# [Exercise requirements]
Your response should be every line from the entries that includes the string "StartTime".

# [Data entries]
☆ ☆ ☆ ☆ ☆ ☆ ☆

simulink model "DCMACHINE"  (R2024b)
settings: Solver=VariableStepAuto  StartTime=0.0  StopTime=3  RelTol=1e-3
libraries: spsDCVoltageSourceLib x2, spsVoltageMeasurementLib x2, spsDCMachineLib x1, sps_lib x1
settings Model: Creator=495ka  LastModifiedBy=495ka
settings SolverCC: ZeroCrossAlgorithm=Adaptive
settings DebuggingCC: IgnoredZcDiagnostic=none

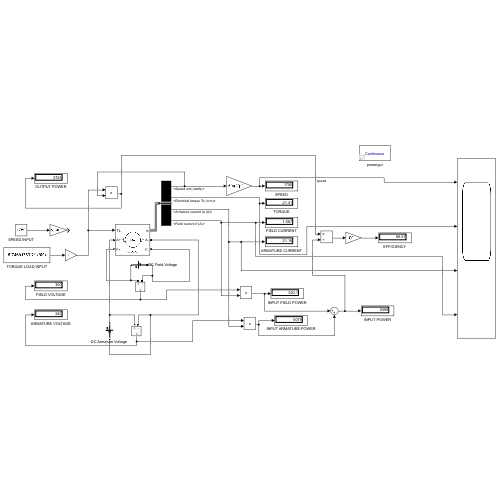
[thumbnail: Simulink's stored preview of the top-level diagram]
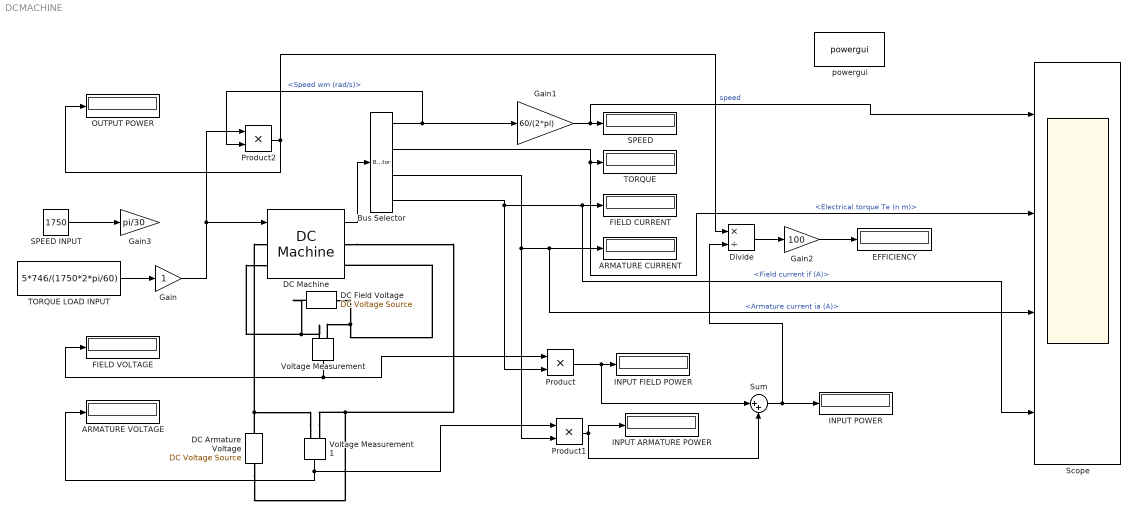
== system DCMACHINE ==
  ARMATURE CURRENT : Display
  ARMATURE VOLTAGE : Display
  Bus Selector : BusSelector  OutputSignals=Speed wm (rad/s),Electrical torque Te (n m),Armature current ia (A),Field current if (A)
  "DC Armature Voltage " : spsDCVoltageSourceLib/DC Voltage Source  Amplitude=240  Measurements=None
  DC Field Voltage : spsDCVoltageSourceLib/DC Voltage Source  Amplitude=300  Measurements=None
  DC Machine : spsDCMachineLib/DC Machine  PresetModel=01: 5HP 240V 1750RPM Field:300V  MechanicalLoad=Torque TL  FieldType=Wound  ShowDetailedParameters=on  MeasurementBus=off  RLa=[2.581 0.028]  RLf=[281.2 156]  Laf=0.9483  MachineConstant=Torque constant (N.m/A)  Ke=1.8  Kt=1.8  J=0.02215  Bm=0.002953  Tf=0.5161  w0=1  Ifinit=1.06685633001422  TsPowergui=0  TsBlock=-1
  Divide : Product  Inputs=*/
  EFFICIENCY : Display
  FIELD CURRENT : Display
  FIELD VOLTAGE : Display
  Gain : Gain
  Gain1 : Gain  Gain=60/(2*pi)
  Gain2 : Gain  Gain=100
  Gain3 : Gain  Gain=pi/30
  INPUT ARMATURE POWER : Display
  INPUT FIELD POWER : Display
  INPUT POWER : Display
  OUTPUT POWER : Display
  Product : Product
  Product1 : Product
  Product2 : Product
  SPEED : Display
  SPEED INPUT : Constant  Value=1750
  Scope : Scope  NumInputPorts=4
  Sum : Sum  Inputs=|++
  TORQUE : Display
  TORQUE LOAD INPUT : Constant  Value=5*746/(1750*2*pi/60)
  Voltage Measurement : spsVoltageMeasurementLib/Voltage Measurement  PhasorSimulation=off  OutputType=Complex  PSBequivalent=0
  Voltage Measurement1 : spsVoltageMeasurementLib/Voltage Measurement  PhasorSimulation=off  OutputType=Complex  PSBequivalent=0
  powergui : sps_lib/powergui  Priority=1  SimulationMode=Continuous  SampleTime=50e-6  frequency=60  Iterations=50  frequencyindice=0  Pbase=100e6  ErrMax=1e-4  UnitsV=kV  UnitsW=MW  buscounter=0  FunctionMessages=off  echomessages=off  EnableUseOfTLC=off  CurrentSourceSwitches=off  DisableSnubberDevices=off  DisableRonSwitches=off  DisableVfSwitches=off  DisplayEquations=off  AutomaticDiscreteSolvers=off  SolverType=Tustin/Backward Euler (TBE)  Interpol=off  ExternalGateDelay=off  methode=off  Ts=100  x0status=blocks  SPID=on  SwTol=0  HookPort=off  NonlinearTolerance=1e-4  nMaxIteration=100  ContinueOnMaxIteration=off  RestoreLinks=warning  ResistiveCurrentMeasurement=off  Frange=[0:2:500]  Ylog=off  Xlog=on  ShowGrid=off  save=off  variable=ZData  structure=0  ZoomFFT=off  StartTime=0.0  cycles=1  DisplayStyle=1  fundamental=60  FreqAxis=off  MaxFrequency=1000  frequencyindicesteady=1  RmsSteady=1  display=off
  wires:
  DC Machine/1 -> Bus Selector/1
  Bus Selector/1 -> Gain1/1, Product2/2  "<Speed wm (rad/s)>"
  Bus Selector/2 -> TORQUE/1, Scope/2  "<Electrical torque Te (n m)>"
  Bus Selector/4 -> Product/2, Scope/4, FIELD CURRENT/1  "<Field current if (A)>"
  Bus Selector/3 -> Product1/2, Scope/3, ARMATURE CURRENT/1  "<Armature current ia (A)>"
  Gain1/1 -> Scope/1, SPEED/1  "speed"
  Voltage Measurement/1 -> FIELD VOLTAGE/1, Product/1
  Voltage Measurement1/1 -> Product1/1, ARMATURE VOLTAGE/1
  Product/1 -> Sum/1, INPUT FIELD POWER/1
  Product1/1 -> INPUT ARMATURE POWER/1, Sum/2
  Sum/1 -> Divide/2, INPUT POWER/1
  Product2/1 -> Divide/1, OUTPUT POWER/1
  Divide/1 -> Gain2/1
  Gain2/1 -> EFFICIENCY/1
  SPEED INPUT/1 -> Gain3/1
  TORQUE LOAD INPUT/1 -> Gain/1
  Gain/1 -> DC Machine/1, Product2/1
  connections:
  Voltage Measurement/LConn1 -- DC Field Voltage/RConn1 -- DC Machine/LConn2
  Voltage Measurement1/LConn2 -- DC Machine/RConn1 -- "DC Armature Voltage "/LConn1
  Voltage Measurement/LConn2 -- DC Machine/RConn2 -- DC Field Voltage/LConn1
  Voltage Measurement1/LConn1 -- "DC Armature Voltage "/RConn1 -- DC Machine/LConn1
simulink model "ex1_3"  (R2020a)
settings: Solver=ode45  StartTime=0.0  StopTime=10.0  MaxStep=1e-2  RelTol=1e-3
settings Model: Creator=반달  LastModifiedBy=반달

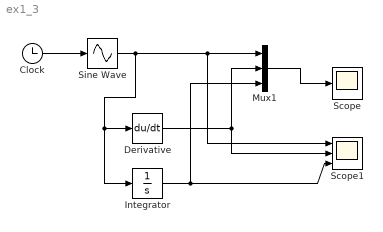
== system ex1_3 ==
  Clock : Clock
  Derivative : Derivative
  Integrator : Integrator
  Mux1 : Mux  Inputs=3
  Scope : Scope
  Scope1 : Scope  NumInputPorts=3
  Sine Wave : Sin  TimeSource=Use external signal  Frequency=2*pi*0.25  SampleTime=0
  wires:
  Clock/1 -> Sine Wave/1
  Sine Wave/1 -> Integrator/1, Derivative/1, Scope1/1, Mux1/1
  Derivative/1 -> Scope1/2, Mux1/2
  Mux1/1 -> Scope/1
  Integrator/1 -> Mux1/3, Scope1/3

☆ ☆ ☆ ☆ ☆ ☆ ☆

# [Solution]
settings: Solver=VariableStepAuto  StartTime=0.0  StopTime=3  RelTol=1e-3
  powergui : sps_lib/powergui  Priority=1  SimulationMode=Continuous  SampleTime=50e-6  frequency=60  Iterations=50  frequencyindice=0  Pbase=100e6  ErrMax=1e-4  UnitsV=kV  UnitsW=MW  buscounter=0  FunctionMessages=off  echomessages=off  EnableUseOfTLC=off  CurrentSourceSwitches=off  DisableSnubberDevices=off  DisableRonSwitches=off  DisableVfSwitches=off  DisplayEquations=off  AutomaticDiscreteSolvers=off  SolverType=Tustin/Backward Euler (TBE)  Interpol=off  ExternalGateDelay=off  methode=off  Ts=100  x0status=blocks  SPID=on  SwTol=0  HookPort=off  NonlinearTolerance=1e-4  nMaxIteration=100  ContinueOnMaxIteration=off  RestoreLinks=warning  ResistiveCurrentMeasurement=off  Frange=[0:2:500]  Ylog=off  Xlog=on  ShowGrid=off  save=off  variable=ZData  structure=0  ZoomFFT=off  StartTime=0.0  cycles=1  DisplayStyle=1  fundamental=60  FreqAxis=off  MaxFrequency=1000  frequencyindicesteady=1  RmsSteady=1  display=off
settings: Solver=ode45  StartTime=0.0  StopTime=10.0  MaxStep=1e-2  RelTol=1e-3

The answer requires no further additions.